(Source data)
*** Block opens ***

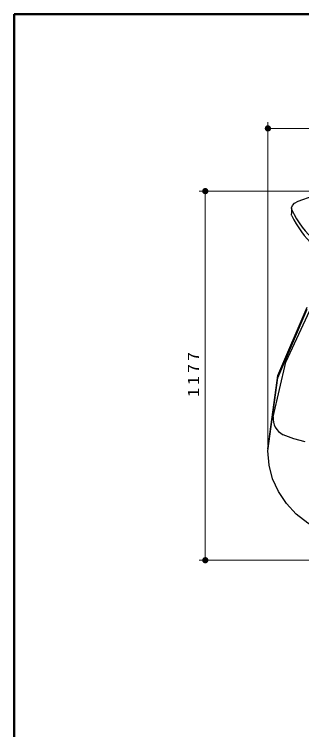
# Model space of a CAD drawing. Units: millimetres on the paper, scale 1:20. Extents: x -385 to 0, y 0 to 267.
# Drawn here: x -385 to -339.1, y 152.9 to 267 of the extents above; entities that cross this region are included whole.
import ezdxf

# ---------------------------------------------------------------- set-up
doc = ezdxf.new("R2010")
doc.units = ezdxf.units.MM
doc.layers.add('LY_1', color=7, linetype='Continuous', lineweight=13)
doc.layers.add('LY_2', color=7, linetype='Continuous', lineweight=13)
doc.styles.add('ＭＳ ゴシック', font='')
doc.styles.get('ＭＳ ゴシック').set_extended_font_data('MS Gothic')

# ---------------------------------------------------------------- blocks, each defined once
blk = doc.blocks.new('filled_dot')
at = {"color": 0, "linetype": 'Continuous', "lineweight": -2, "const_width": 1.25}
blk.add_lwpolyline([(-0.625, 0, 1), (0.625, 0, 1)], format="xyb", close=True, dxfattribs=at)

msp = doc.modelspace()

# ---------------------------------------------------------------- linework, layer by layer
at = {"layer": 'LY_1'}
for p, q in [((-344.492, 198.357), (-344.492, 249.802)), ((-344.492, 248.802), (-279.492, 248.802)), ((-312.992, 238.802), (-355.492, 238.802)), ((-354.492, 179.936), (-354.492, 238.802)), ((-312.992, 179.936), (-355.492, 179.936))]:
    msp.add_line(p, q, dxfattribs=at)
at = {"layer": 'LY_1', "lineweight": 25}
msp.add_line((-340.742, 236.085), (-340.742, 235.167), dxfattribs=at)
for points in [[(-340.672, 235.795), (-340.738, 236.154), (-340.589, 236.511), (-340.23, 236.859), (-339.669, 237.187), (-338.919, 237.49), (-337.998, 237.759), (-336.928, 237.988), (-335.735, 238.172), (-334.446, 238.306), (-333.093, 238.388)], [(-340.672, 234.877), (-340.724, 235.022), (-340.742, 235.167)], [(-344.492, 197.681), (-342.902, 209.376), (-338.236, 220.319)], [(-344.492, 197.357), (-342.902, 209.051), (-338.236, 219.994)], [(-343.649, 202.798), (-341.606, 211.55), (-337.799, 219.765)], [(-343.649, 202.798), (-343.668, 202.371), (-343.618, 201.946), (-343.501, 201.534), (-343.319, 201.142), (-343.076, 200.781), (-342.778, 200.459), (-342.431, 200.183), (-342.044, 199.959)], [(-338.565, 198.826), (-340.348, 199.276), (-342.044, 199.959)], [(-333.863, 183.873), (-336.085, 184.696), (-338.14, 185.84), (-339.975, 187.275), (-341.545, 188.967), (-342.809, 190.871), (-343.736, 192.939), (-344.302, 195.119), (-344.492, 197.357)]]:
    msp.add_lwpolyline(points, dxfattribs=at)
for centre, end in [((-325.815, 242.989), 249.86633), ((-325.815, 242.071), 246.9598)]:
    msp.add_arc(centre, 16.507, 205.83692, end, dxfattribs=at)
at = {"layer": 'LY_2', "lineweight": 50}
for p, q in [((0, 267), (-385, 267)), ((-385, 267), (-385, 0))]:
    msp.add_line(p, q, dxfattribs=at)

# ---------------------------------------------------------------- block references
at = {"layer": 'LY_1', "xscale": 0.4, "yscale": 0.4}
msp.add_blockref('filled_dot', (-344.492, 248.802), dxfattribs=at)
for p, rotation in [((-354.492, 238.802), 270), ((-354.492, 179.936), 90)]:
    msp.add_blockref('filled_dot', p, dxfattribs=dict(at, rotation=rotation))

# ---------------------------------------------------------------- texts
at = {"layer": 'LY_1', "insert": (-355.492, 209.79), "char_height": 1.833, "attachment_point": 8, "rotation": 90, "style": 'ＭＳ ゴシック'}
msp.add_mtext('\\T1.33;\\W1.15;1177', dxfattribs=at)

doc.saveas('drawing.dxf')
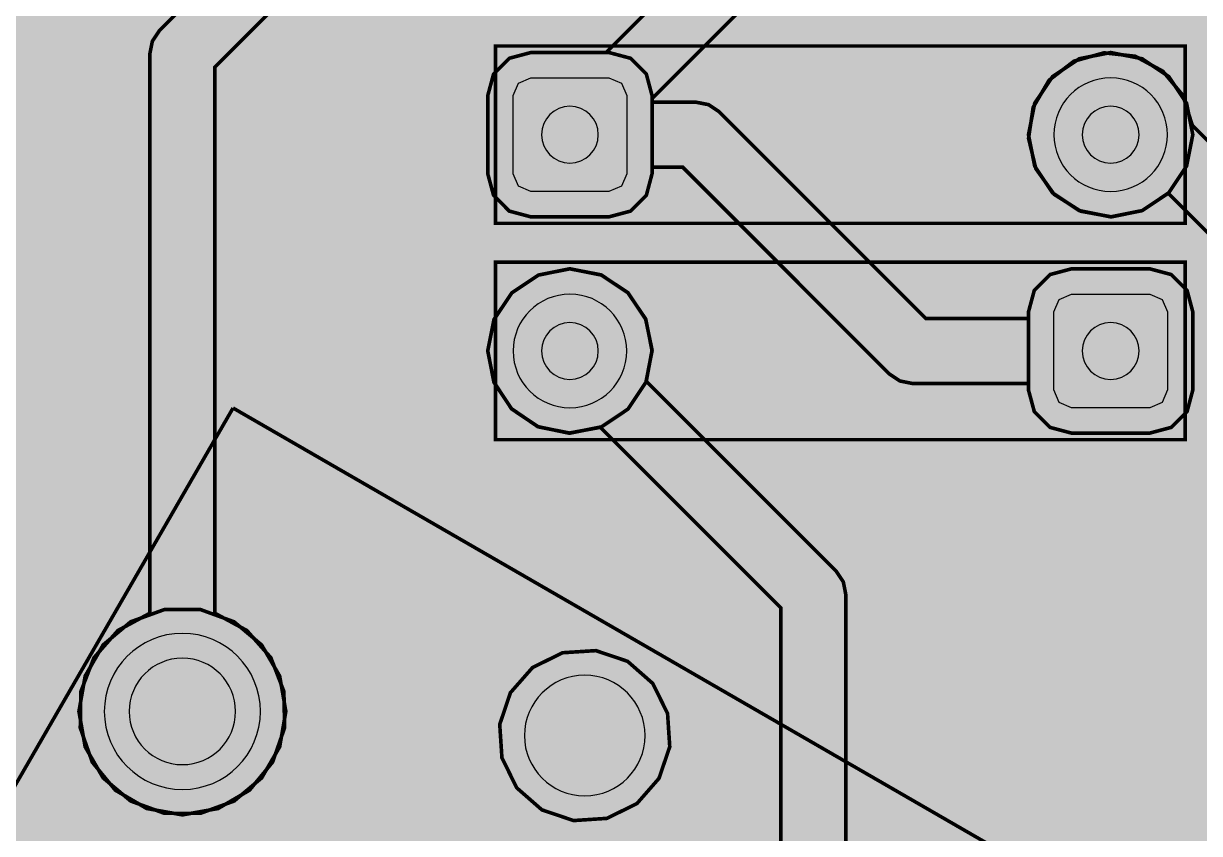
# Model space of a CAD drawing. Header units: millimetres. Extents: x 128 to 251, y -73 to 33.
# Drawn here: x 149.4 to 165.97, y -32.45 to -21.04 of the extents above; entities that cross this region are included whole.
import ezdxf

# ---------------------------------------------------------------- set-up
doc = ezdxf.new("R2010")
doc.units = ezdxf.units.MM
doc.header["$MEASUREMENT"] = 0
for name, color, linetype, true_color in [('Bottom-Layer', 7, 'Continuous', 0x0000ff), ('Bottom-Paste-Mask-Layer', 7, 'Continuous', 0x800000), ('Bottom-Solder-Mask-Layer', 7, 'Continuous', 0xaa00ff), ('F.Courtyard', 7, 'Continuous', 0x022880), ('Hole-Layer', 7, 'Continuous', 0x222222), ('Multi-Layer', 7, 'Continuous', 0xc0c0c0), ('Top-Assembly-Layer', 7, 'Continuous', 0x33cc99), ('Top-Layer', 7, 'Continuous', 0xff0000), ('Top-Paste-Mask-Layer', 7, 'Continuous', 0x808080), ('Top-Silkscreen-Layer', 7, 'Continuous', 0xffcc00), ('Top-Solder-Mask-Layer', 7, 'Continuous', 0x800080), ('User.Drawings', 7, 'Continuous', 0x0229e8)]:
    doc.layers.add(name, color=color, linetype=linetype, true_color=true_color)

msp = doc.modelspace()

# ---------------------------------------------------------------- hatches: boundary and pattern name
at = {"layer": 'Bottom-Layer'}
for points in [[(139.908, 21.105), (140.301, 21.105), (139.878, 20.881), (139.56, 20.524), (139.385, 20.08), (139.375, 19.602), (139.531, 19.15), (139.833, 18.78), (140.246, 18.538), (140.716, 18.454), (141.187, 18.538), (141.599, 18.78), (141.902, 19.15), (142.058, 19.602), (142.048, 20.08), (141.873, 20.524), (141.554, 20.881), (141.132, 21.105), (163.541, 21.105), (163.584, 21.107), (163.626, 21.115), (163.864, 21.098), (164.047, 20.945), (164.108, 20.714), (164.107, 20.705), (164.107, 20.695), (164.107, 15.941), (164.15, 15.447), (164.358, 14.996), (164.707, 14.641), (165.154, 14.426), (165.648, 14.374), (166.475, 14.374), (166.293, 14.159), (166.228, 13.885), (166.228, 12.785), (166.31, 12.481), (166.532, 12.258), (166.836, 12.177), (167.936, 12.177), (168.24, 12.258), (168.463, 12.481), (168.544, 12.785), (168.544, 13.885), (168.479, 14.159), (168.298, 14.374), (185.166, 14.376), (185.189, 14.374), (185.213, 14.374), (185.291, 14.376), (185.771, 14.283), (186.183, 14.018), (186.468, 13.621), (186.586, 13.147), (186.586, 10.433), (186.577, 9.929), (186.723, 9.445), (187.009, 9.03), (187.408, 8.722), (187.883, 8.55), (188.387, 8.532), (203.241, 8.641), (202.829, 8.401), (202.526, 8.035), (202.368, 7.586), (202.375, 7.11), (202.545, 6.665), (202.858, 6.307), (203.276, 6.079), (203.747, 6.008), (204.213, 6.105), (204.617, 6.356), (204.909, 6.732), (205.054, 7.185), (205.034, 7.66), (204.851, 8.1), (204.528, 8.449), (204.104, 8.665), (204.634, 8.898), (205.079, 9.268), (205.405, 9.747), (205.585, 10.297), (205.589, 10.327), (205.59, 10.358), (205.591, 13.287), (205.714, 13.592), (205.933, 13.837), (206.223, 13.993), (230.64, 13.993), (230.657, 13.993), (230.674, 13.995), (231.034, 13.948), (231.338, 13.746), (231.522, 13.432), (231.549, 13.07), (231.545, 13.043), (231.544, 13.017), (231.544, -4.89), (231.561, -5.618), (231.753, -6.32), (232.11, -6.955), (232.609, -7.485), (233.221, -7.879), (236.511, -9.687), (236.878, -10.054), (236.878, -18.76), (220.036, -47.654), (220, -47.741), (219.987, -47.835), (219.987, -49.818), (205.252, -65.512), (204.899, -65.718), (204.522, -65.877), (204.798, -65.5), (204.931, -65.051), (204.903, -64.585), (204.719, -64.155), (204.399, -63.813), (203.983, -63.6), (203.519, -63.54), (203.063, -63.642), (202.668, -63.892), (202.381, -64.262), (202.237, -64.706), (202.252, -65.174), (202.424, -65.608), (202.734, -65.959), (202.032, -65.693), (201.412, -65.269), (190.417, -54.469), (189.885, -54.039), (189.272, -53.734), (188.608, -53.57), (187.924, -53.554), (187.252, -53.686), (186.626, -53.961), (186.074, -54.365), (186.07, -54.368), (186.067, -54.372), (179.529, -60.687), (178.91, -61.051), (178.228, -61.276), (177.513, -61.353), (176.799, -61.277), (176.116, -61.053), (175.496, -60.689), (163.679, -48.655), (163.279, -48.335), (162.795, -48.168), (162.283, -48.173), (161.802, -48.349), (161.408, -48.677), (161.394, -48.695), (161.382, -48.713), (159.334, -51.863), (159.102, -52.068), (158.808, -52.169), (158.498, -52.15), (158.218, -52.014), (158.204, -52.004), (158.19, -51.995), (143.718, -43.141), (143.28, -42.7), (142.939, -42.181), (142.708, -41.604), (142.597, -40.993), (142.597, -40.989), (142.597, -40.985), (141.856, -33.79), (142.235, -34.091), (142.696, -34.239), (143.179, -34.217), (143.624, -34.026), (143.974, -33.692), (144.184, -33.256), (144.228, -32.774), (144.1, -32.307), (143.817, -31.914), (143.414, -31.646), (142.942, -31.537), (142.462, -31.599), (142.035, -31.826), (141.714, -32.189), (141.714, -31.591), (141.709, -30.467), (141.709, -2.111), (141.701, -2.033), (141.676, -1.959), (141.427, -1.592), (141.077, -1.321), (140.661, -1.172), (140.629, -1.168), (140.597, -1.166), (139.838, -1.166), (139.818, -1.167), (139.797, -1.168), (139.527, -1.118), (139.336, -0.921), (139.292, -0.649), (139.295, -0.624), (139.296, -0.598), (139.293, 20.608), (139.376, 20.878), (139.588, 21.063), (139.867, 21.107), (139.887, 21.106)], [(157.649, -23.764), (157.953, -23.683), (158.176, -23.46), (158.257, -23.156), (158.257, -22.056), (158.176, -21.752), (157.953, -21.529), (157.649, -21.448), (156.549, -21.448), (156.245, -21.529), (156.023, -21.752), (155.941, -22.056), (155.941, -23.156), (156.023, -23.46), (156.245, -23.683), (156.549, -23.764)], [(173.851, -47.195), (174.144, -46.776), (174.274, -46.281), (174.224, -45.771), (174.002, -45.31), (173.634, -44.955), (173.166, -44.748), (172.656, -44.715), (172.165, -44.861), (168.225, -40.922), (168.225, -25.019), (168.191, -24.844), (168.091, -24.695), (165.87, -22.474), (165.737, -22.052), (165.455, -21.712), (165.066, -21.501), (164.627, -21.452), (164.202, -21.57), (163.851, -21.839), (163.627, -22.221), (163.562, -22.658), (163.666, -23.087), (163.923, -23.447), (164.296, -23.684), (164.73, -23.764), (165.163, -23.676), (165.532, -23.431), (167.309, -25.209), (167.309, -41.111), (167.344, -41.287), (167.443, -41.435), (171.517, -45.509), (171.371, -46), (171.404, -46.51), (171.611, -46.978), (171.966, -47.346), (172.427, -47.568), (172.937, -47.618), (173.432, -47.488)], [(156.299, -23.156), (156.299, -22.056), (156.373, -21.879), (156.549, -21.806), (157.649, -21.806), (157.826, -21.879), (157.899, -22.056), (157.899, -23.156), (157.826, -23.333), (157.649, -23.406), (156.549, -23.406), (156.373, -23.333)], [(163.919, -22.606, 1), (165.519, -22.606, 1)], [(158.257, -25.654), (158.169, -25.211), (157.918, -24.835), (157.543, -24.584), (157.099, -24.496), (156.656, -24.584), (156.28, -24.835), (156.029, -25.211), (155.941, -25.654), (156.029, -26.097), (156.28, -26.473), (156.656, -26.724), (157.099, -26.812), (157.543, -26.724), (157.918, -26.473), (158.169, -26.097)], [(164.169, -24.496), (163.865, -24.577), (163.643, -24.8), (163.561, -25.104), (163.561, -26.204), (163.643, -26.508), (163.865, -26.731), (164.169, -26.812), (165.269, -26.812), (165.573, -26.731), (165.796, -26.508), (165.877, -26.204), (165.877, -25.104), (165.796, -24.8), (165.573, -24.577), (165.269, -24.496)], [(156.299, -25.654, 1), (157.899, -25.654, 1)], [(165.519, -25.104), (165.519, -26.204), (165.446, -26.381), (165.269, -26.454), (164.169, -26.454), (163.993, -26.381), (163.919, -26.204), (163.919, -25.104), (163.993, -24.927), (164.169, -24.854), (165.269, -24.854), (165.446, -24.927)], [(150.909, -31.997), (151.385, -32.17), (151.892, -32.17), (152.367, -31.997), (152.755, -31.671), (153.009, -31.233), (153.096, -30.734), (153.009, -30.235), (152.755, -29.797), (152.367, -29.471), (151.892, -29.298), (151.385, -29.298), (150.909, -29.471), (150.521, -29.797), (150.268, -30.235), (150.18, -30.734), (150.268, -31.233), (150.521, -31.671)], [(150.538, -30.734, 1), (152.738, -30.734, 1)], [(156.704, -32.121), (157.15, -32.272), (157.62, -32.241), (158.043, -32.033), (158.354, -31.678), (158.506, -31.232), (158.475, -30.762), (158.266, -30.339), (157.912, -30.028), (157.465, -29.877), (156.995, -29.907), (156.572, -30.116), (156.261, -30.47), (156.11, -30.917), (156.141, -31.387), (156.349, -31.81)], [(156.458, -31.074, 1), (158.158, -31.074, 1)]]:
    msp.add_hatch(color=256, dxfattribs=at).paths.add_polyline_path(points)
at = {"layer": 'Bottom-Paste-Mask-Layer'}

*** Block closes ***

**THE PROBLEM:**
Only the lines from the start of the records to the line with "doc.styles.get('ＭＳ ゴシック').set_extended_font_data('MS Gothic')" belong in the copy. Print them exactly, minus pictures.

**SOLVED PROBLEM:**
# Model space of a CAD drawing. Units: millimetres on the paper, scale 1:20. Extents: x -385 to 0, y 0 to 267.
# Drawn here: x -385 to -339.1, y 152.9 to 267 of the extents above; entities that cross this region are included whole.
import ezdxf

# ---------------------------------------------------------------- set-up
doc = ezdxf.new("R2010")
doc.units = ezdxf.units.MM
doc.layers.add('LY_1', color=7, linetype='Continuous', lineweight=13)
doc.layers.add('LY_2', color=7, linetype='Continuous', lineweight=13)
doc.styles.add('ＭＳ ゴシック', font='')
doc.styles.get('ＭＳ ゴシック').set_extended_font_data('MS Gothic')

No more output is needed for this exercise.